*** Opening Working data ***

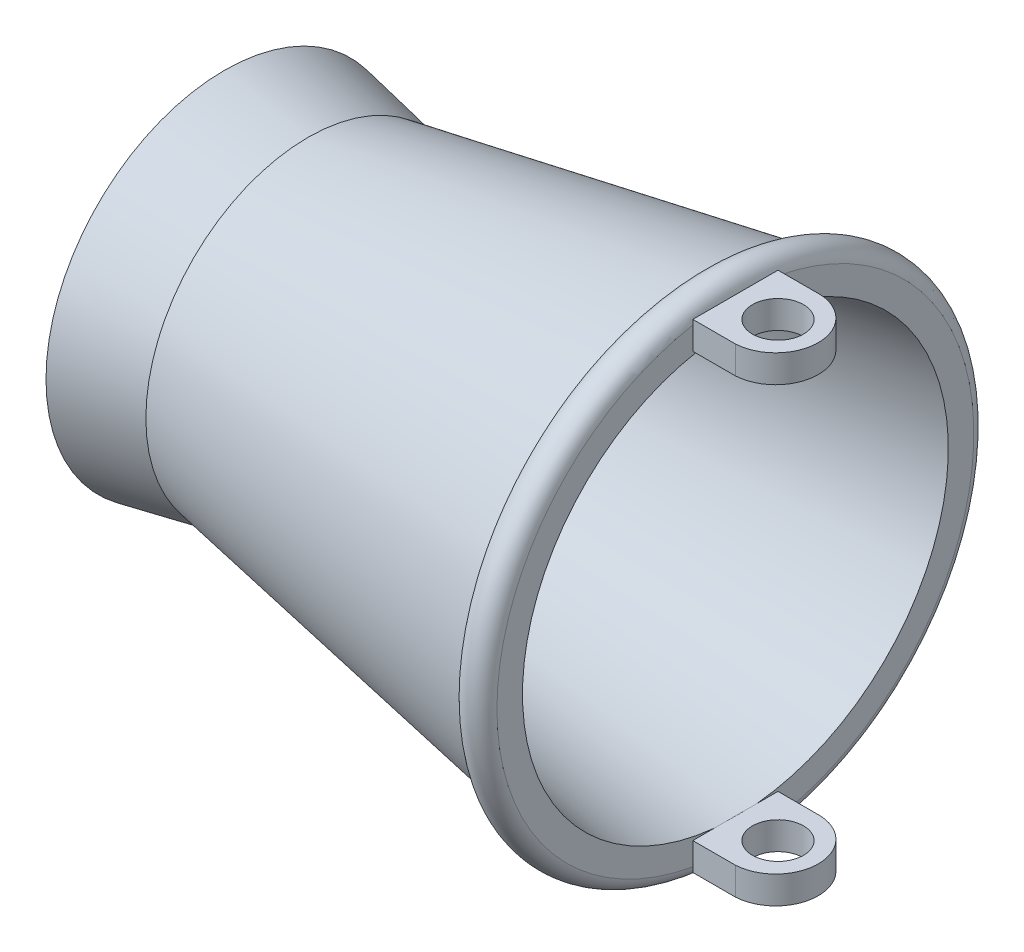
ISO-10303-21;
HEADER;
FILE_DESCRIPTION(('STEP AP214'),'2;1');
FILE_NAME('part.step','',(''),(''),'','','');
FILE_SCHEMA(('AUTOMOTIVE_DESIGN { 1 0 10303 214 1 1 1 1 }'));
ENDSEC;
DATA;
#1=APPLICATION_CONTEXT('core data for automotive mechanical design processes');
#2=APPLICATION_PROTOCOL_DEFINITION('international standard','automotive_design',2000,#1);
#3=PRODUCT_CONTEXT('',#1,'mechanical');
#4=PRODUCT('Part','Part','',(#3));
#5=PRODUCT_RELATED_PRODUCT_CATEGORY('part','',(#4));
#6=PRODUCT_DEFINITION_FORMATION('','',#4);
#7=PRODUCT_DEFINITION_CONTEXT('part definition',#1,'design');
#8=PRODUCT_DEFINITION('design','',#6,#7);
#9=PRODUCT_DEFINITION_SHAPE('','',#8);
#10=(LENGTH_UNIT() NAMED_UNIT(*) SI_UNIT(.MILLI.,.METRE.));
#11=(NAMED_UNIT(*) PLANE_ANGLE_UNIT() SI_UNIT($,.RADIAN.));
#12=(NAMED_UNIT(*) SI_UNIT($,.STERADIAN.) SOLID_ANGLE_UNIT());
#13=UNCERTAINTY_MEASURE_WITH_UNIT(LENGTH_MEASURE(1.E-05),#10,'distance_accuracy_value','');
#14=(GEOMETRIC_REPRESENTATION_CONTEXT(3) GLOBAL_UNCERTAINTY_ASSIGNED_CONTEXT((#13)) GLOBAL_UNIT_ASSIGNED_CONTEXT((#10,
#11,#12)) REPRESENTATION_CONTEXT('',''));
#15=CARTESIAN_POINT('',(0.,0.,0.));
#16=DIRECTION('',(0.,0.,1.));
#17=DIRECTION('',(1.,0.,0.));
#18=AXIS2_PLACEMENT_3D('',#15,#16,#17);
#19=CARTESIAN_POINT('',(31.3496597971443,-14.0617621186695,2.50000000000001));
#20=DIRECTION('',(0.,0.,-1.));
#21=DIRECTION('',(-1.,0.,0.));
#22=AXIS2_PLACEMENT_3D('',#19,#20,#21);
#23=PLANE('',#22);
#24=DIRECTION('',(0.,-1.,0.));
#25=VECTOR('',#24,1.);
#26=CARTESIAN_POINT('',(28.8496597971443,18.0286817919166,2.5));
#27=LINE('',#26,#25);
#28=CARTESIAN_POINT('',(28.8496597971443,-12.4385118481672,2.5));
#29=VERTEX_POINT('',#28);
#30=CARTESIAN_POINT('',(28.8496597971443,-14.0617621186695,2.5));
#31=VERTEX_POINT('',#30);
#32=EDGE_CURVE('E124',#29,#31,#27,.T.);
#33=ORIENTED_EDGE('',*,*,#32,.F.);
#34=DIRECTION('',(-1.,0.,0.));
#35=VECTOR('',#34,1.);
#36=CARTESIAN_POINT('',(31.3496597971443,-12.4385118481672,2.50000000000001));
#37=LINE('',#36,#35);
#38=CARTESIAN_POINT('',(26.3496597971443,-12.4385118481672,2.50000000000001));
#39=VERTEX_POINT('',#38);
#40=EDGE_CURVE('E333',#29,#39,#37,.T.);
#41=ORIENTED_EDGE('',*,*,#40,.T.);
#42=DIRECTION('',(0.,-1.,0.));
#43=VECTOR('',#42,1.);
#44=CARTESIAN_POINT('',(26.3496597971443,-14.0617621186695,2.50000000000001));
#45=LINE('',#44,#43);
#46=CARTESIAN_POINT('',(26.3496597971443,-13.7749773139559,2.50000000000001));
#47=VERTEX_POINT('',#46);
#48=EDGE_CURVE('E328',#39,#47,#45,.T.);
#49=ORIENTED_EDGE('',*,*,#48,.T.);
#50=CARTESIAN_POINT('',(26.3496597971443,-14.0617621186695,2.50000000000001));
#51=VERTEX_POINT('',#50);
#52=EDGE_CURVE('E142',#47,#51,#45,.T.);
#53=ORIENTED_EDGE('',*,*,#52,.T.);
#54=DIRECTION('',(-1.,0.,0.));
#55=VECTOR('',#54,1.);
#56=CARTESIAN_POINT('',(31.3496597971443,-14.0617621186695,2.50000000000001));
#57=LINE('',#56,#55);
#58=EDGE_CURVE('E137',#31,#51,#57,.T.);
#59=ORIENTED_EDGE('',*,*,#58,.F.);
#60=EDGE_LOOP('',(#33,#41,#49,#53,#59));
#61=FACE_BOUND('',#60,.T.);
#62=ADVANCED_FACE('F38',(#61),#23,.F.);
#63=CARTESIAN_POINT('',(31.3496597971443,-14.0617621186695,2.50000000000001));
#64=DIRECTION('',(0.,1.,0.));
#65=DIRECTION('',(0.,0.,1.));
#66=AXIS2_PLACEMENT_3D('',#63,#64,#65);
#67=PLANE('',#66);
#68=CARTESIAN_POINT('',(28.8496597971443,-14.0617621186695,0.));
#69=DIRECTION('',(0.,1.,0.));
#70=DIRECTION('',(0.,0.,1.));
#71=AXIS2_PLACEMENT_3D('',#68,#69,#70);
#72=CIRCLE('',#71,1.5);
#73=CARTESIAN_POINT('',(28.8496597971443,-14.0617621186695,1.5));
#74=VERTEX_POINT('',#73);
#75=EDGE_CURVE('E348',#74,#74,#72,.T.);
#76=ORIENTED_EDGE('',*,*,#75,.T.);
#77=EDGE_LOOP('',(#76));
#78=FACE_BOUND('',#77,.T.);
#79=CARTESIAN_POINT('',(28.7134886019713,-14.0617621186695,0.));
#80=DIRECTION('',(0.,-1.,0.));
#81=DIRECTION('',(0.,0.,-1.));
#82=AXIS2_PLACEMENT_3D('',#79,#80,#81);
#83=CIRCLE('',#82,2.50370577232926);
#84=CARTESIAN_POINT('',(28.8496597971443,-14.0617621186695,-2.5));
#85=VERTEX_POINT('',#84);
#86=EDGE_CURVE('E127',#85,#31,#83,.T.);
#87=ORIENTED_EDGE('',*,*,#86,.T.);
#88=ORIENTED_EDGE('',*,*,#58,.T.);
#89=DIRECTION('',(0.,0.,-1.));
#90=VECTOR('',#89,1.);
#91=CARTESIAN_POINT('',(26.3496597971443,-14.0617621186695,2.50000000000001));
#92=LINE('',#91,#90);
#93=CARTESIAN_POINT('',(26.3496597971443,-14.0617621186695,-2.49999999999998));
#94=VERTEX_POINT('',#93);
#95=EDGE_CURVE('E290',#51,#94,#92,.T.);
#96=ORIENTED_EDGE('',*,*,#95,.T.);
#97=DIRECTION('',(-1.,0.,0.));
#98=VECTOR('',#97,1.);
#99=CARTESIAN_POINT('',(31.3496597971443,-14.0617621186695,-2.49999999999998));
#100=LINE('',#99,#98);
#101=EDGE_CURVE('E139',#85,#94,#100,.T.);
#102=ORIENTED_EDGE('',*,*,#101,.F.);
#103=EDGE_LOOP('',(#87,#88,#96,#102));
#104=FACE_BOUND('',#103,.T.);
#105=ADVANCED_FACE('F135',(#78,#104),#67,.F.);
#106=CARTESIAN_POINT('',(31.3496597971443,-14.0617621186695,-2.49999999999998));
#107=DIRECTION('',(0.,0.,1.));
#108=DIRECTION('',(0.,-1.,0.));
#109=AXIS2_PLACEMENT_3D('',#106,#107,#108);
#110=PLANE('',#109);
#111=DIRECTION('',(0.,-1.,0.));
#112=VECTOR('',#111,1.);
#113=CARTESIAN_POINT('',(28.8496597971443,18.0286817919166,-2.5));
#114=LINE('',#113,#112);
#115=CARTESIAN_POINT('',(28.8496597971443,-12.4385118481672,-2.49999999999999));
#116=VERTEX_POINT('',#115);
#117=EDGE_CURVE('E52',#116,#85,#114,.T.);
#118=ORIENTED_EDGE('',*,*,#117,.T.);
#119=ORIENTED_EDGE('',*,*,#101,.T.);
#120=DIRECTION('',(0.,1.,0.));
#121=VECTOR('',#120,1.);
#122=CARTESIAN_POINT('',(26.3496597971443,-14.0617621186695,-2.49999999999998));
#123=LINE('',#122,#121);
#124=CARTESIAN_POINT('',(26.3496597971443,-13.7749773139559,-2.49999999999999));
#125=VERTEX_POINT('',#124);
#126=EDGE_CURVE('E289',#94,#125,#123,.T.);
#127=ORIENTED_EDGE('',*,*,#126,.T.);
#128=CARTESIAN_POINT('',(26.3496597971443,-12.4385118481672,-2.49999999999999));
#129=VERTEX_POINT('',#128);
#130=EDGE_CURVE('E280',#125,#129,#123,.T.);
#131=ORIENTED_EDGE('',*,*,#130,.T.);
#132=DIRECTION('',(-1.,0.,0.));
#133=VECTOR('',#132,1.);
#134=CARTESIAN_POINT('',(31.3496597971443,-12.4385118481672,-2.49999999999999));
#135=LINE('',#134,#133);
#136=EDGE_CURVE('E149',#116,#129,#135,.T.);
#137=ORIENTED_EDGE('',*,*,#136,.F.);
#138=EDGE_LOOP('',(#118,#119,#127,#131,#137));
#139=FACE_BOUND('',#138,.T.);
#140=ADVANCED_FACE('F219',(#139),#110,.F.);
#141=CARTESIAN_POINT('',(31.3496597971443,-12.4385118481672,2.50000000000001));
#142=DIRECTION('',(0.,-1.,0.));
#143=DIRECTION('',(0.,0.,-1.));
#144=AXIS2_PLACEMENT_3D('',#141,#142,#143);
#145=PLANE('',#144);
#146=CARTESIAN_POINT('',(28.8496597971443,-12.4385118481672,0.));
#147=DIRECTION('',(0.,-1.,0.));
#148=DIRECTION('',(0.,0.,-1.));
#149=AXIS2_PLACEMENT_3D('',#146,#147,#148);
#150=CIRCLE('',#149,1.5);
#151=CARTESIAN_POINT('',(28.8496597971443,-12.4385118481672,-1.5));
#152=VERTEX_POINT('',#151);
#153=EDGE_CURVE('E345',#152,#152,#150,.F.);
#154=ORIENTED_EDGE('',*,*,#153,.F.);
#155=EDGE_LOOP('',(#154));
#156=FACE_BOUND('',#155,.T.);
#157=CARTESIAN_POINT('',(28.7134886019713,-12.4385118481672,0.));
#158=DIRECTION('',(0.,-1.,0.));
#159=DIRECTION('',(0.,0.,-1.));
#160=AXIS2_PLACEMENT_3D('',#157,#158,#159);
#161=CIRCLE('',#160,2.50370577232926);
#162=EDGE_CURVE('E11',#116,#29,#161,.T.);
#163=ORIENTED_EDGE('',*,*,#162,.F.);
#164=ORIENTED_EDGE('',*,*,#136,.T.);
#165=DIRECTION('',(0.,0.,1.));
#166=VECTOR('',#165,1.);
#167=CARTESIAN_POINT('',(26.3496597971443,-12.4385118481672,2.50000000000001));
#168=LINE('',#167,#166);
#169=CARTESIAN_POINT('',(26.3496597971443,-12.4385118481672,-1.23831458160073));
#170=VERTEX_POINT('',#169);
#171=EDGE_CURVE('E285',#129,#170,#168,.T.);
#172=ORIENTED_EDGE('',*,*,#171,.T.);
#173=CARTESIAN_POINT('',(26.3496597971443,-12.4385118481672,1.23831458160074));
#174=VERTEX_POINT('',#173);
#175=EDGE_CURVE('E334',#170,#174,#168,.T.);
#176=ORIENTED_EDGE('',*,*,#175,.T.);
#177=EDGE_CURVE('E331',#174,#39,#168,.T.);
#178=ORIENTED_EDGE('',*,*,#177,.T.);
#179=ORIENTED_EDGE('',*,*,#40,.F.);
#180=EDGE_LOOP('',(#163,#164,#172,#176,#178,#179));
#181=FACE_BOUND('',#180,.T.);
#182=ADVANCED_FACE('F267',(#156,#181),#145,.F.);
#183=CARTESIAN_POINT('',(26.3496597971443,0.,-14.));
#184=DIRECTION('',(-1.,0.,0.));
#185=DIRECTION('',(0.,0.,1.));
#186=AXIS2_PLACEMENT_3D('',#183,#184,#185);
#187=PLANE('',#186);
#188=ORIENTED_EDGE('',*,*,#130,.F.);
#189=CARTESIAN_POINT('',(26.3496597971443,0.,0.));
#190=DIRECTION('',(-1.,0.,0.));
#191=DIRECTION('',(0.,0.,1.));
#192=AXIS2_PLACEMENT_3D('',#189,#190,#191);
#193=CIRCLE('',#192,14.);
#194=CARTESIAN_POINT('',(26.3496597971443,13.7749773139559,-2.5));
#195=VERTEX_POINT('',#194);
#196=EDGE_CURVE('E195',#195,#125,#193,.T.);
#197=ORIENTED_EDGE('',*,*,#196,.F.);
#198=DIRECTION('',(0.,1.,0.));
#199=VECTOR('',#198,1.);
#200=CARTESIAN_POINT('',(26.3496597971443,14.0617621186695,-2.5));
#201=LINE('',#200,#199);
#202=CARTESIAN_POINT('',(26.3496597971443,12.4385118481672,-2.5));
#203=VERTEX_POINT('',#202);
#204=EDGE_CURVE('E153',#203,#195,#201,.T.);
#205=ORIENTED_EDGE('',*,*,#204,.F.);
#206=DIRECTION('',(0.,0.,-1.));
#207=VECTOR('',#206,1.);
#208=CARTESIAN_POINT('',(26.3496597971443,12.4385118481672,2.5));
#209=LINE('',#208,#207);
#210=CARTESIAN_POINT('',(26.3496597971443,12.4385118481672,-1.23831458160075));
#211=VERTEX_POINT('',#210);
#212=EDGE_CURVE('E162',#211,#203,#209,.T.);
#213=ORIENTED_EDGE('',*,*,#212,.F.);
#214=CARTESIAN_POINT('',(26.3496597971443,0.,0.));
#215=DIRECTION('',(-1.,0.,0.));
#216=DIRECTION('',(0.,0.,1.));
#217=AXIS2_PLACEMENT_3D('',#214,#215,#216);
#218=CIRCLE('',#217,12.5);
#219=EDGE_CURVE('E197',#211,#170,#218,.T.);
#220=ORIENTED_EDGE('',*,*,#219,.T.);
#221=ORIENTED_EDGE('',*,*,#171,.F.);
#222=EDGE_LOOP('',(#188,#197,#205,#213,#220,#221));
#223=FACE_BOUND('',#222,.T.);
#224=ADVANCED_FACE('F265',(#223),#187,.F.);
#225=ORIENTED_EDGE('',*,*,#48,.F.);
#226=ORIENTED_EDGE('',*,*,#177,.F.);
#227=CARTESIAN_POINT('',(26.3496597971443,12.4385118481672,1.23831458160076));
#228=VERTEX_POINT('',#227);
#229=EDGE_CURVE('E194',#174,#228,#218,.T.);
#230=ORIENTED_EDGE('',*,*,#229,.T.);
#231=CARTESIAN_POINT('',(26.3496597971443,12.4385118481672,2.5));
#232=VERTEX_POINT('',#231);
#233=EDGE_CURVE('E163',#232,#228,#209,.T.);
#234=ORIENTED_EDGE('',*,*,#233,.F.);
#235=DIRECTION('',(0.,-1.,0.));
#236=VECTOR('',#235,1.);
#237=CARTESIAN_POINT('',(26.3496597971443,14.0617621186695,2.5));
#238=LINE('',#237,#236);
#239=CARTESIAN_POINT('',(26.3496597971443,13.7749773139559,2.5));
#240=VERTEX_POINT('',#239);
#241=EDGE_CURVE('E158',#240,#232,#238,.T.);
#242=ORIENTED_EDGE('',*,*,#241,.F.);
#243=EDGE_CURVE('E190',#47,#240,#193,.T.);
#244=ORIENTED_EDGE('',*,*,#243,.F.);
#245=EDGE_LOOP('',(#225,#226,#230,#234,#242,#244));
#246=FACE_BOUND('',#245,.T.);
#247=ADVANCED_FACE('F212',(#246),#187,.F.);
#248=CARTESIAN_POINT('',(0.979732811363587,0.,-8.0625));
#249=DIRECTION('',(1.,0.,0.));
#250=DIRECTION('',(0.,0.,-1.));
#251=AXIS2_PLACEMENT_3D('',#248,#249,#250);
#252=PLANE('',#251);
#253=CARTESIAN_POINT('',(0.979732811363584,0.,0.));
#254=DIRECTION('',(-1.,0.,0.));
#255=DIRECTION('',(0.,0.,1.));
#256=AXIS2_PLACEMENT_3D('',#253,#254,#255);
#257=CIRCLE('',#256,8.0625);
#258=CARTESIAN_POINT('',(0.979732811363584,0.,8.0625));
#259=VERTEX_POINT('',#258);
#260=EDGE_CURVE('E175',#259,#259,#257,.T.);
#261=ORIENTED_EDGE('',*,*,#260,.T.);
#262=EDGE_LOOP('',(#261));
#263=FACE_BOUND('',#262,.T.);
#264=ADVANCED_FACE('F40',(#263),#252,.F.);
#265=CARTESIAN_POINT('',(2.47973281136359,0.,0.));
#266=DIRECTION('',(-1.,0.,0.));
#267=DIRECTION('',(0.,0.,1.));
#268=AXIS2_PLACEMENT_3D('',#265,#266,#267);
#269=PLANE('',#268);
#270=CARTESIAN_POINT('',(2.47973281136359,0.,0.));
#271=DIRECTION('',(-1.,0.,0.));
#272=DIRECTION('',(0.,0.,1.));
#273=AXIS2_PLACEMENT_3D('',#270,#271,#272);
#274=CIRCLE('',#273,8.64909564560414);
#275=CARTESIAN_POINT('',(2.47973281136359,0.,8.64909564560414));
#276=VERTEX_POINT('',#275);
#277=EDGE_CURVE('E46',#276,#276,#274,.T.);
#278=ORIENTED_EDGE('',*,*,#277,.F.);
#279=EDGE_LOOP('',(#278));
#280=FACE_BOUND('',#279,.T.);
#281=ADVANCED_FACE('F203',(#280),#269,.F.);
#282=CARTESIAN_POINT('',(2.47973281136359,0.,0.));
#283=DIRECTION('',(1.,0.,0.));
#284=DIRECTION('',(0.,0.,-1.));
#285=AXIS2_PLACEMENT_3D('',#282,#283,#284);
#286=CONICAL_SURFACE('',#285,8.64909564560414,0.15995052993475);
#287=EDGE_CURVE('E196',#228,#211,#218,.T.);
#288=ORIENTED_EDGE('',*,*,#287,.F.);
#289=ORIENTED_EDGE('',*,*,#229,.F.);
#290=CARTESIAN_POINT('',(26.3496597971443,0.,0.));
#291=DIRECTION('',(-1.,0.,0.));
#292=DIRECTION('',(0.,0.,1.));
#293=AXIS2_PLACEMENT_3D('',#290,#291,#292);
#294=CIRCLE('',#293,12.5);
#295=EDGE_CURVE('E144',#174,#170,#294,.F.);
#296=ORIENTED_EDGE('',*,*,#295,.T.);
#297=ORIENTED_EDGE('',*,*,#219,.F.);
#298=EDGE_LOOP('',(#288,#289,#296,#297));
#299=FACE_BOUND('',#298,.T.);
#300=ORIENTED_EDGE('',*,*,#277,.T.);
#301=EDGE_LOOP('',(#300));
#302=FACE_BOUND('',#301,.T.);
#303=ADVANCED_FACE('F201',(#299,#302),#286,.F.);
#304=CARTESIAN_POINT('',(25.3652344043891,0.,0.));
#305=DIRECTION('',(-1.,0.,0.));
#306=DIRECTION('',(0.,0.,1.));
#307=AXIS2_PLACEMENT_3D('',#304,#305,#306);
#308=TOROIDAL_SURFACE('',#307,13.8241971385363,1.);
#309=CARTESIAN_POINT('',(24.380809011634,0.,0.));
#310=DIRECTION('',(-1.,0.,0.));
#311=DIRECTION('',(0.,0.,1.));
#312=AXIS2_PLACEMENT_3D('',#309,#310,#311);
#313=CIRCLE('',#312,13.6483942770726);
#314=CARTESIAN_POINT('',(24.380809011634,0.,13.6483942770726));
#315=VERTEX_POINT('',#314);
#316=EDGE_CURVE('E187',#315,#315,#313,.T.);
#317=ORIENTED_EDGE('',*,*,#316,.F.);
#318=EDGE_LOOP('',(#317));
#319=FACE_BOUND('',#318,.T.);
#320=EDGE_CURVE('E191',#240,#195,#193,.T.);
#321=ORIENTED_EDGE('',*,*,#320,.T.);
#322=ORIENTED_EDGE('',*,*,#196,.T.);
#323=EDGE_CURVE('E294',#125,#47,#193,.T.);
#324=ORIENTED_EDGE('',*,*,#323,.T.);
#325=ORIENTED_EDGE('',*,*,#243,.T.);
#326=EDGE_LOOP('',(#321,#322,#324,#325));
#327=FACE_BOUND('',#326,.T.);
#328=ADVANCED_FACE('F209',(#319,#327),#308,.T.);
#329=CARTESIAN_POINT('',(24.380809011634,0.,0.));
#330=DIRECTION('',(1.,0.,0.));
#331=DIRECTION('',(0.,0.,-1.));
#332=AXIS2_PLACEMENT_3D('',#329,#330,#331);
#333=CONICAL_SURFACE('',#332,13.6483942770726,0.176721272416258);
#334=CARTESIAN_POINT('',(1.25772251541693,0.,0.));
#335=DIRECTION('',(-1.,0.,0.));
#336=DIRECTION('',(0.,0.,1.));
#337=AXIS2_PLACEMENT_3D('',#334,#335,#336);
#338=CIRCLE('',#337,9.51897542844793);
#339=CARTESIAN_POINT('',(1.25772251541693,0.,9.51897542844793));
#340=VERTEX_POINT('',#339);
#341=EDGE_CURVE('E184',#340,#340,#338,.T.);
#342=ORIENTED_EDGE('',*,*,#341,.F.);
#343=EDGE_LOOP('',(#342));
#344=FACE_BOUND('',#343,.T.);
#345=ORIENTED_EDGE('',*,*,#316,.T.);
#346=EDGE_LOOP('',(#345));
#347=FACE_BOUND('',#346,.T.);
#348=ADVANCED_FACE('F257',(#344,#347),#333,.T.);
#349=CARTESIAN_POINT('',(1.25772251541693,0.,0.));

*** Closing Working data ***

• **Goal of the exercise**:
In the entries above, the lines from the one bearing "#130=EDGE_CURVE('E280',#125,#129,#123,.T.);" up to and including the one bearing "#135=LINE('',#134,#133);" should be transcribed exactly; no other line is wanted.

• **Expected output**:
#130=EDGE_CURVE('E280',#125,#129,#123,.T.);
#131=ORIENTED_EDGE('',*,*,#130,.T.);
#132=DIRECTION('',(-1.,0.,0.));
#133=VECTOR('',#132,1.);
#134=CARTESIAN_POINT('',(31.3496597971443,-12.4385118481672,-2.49999999999999));
#135=LINE('',#134,#133);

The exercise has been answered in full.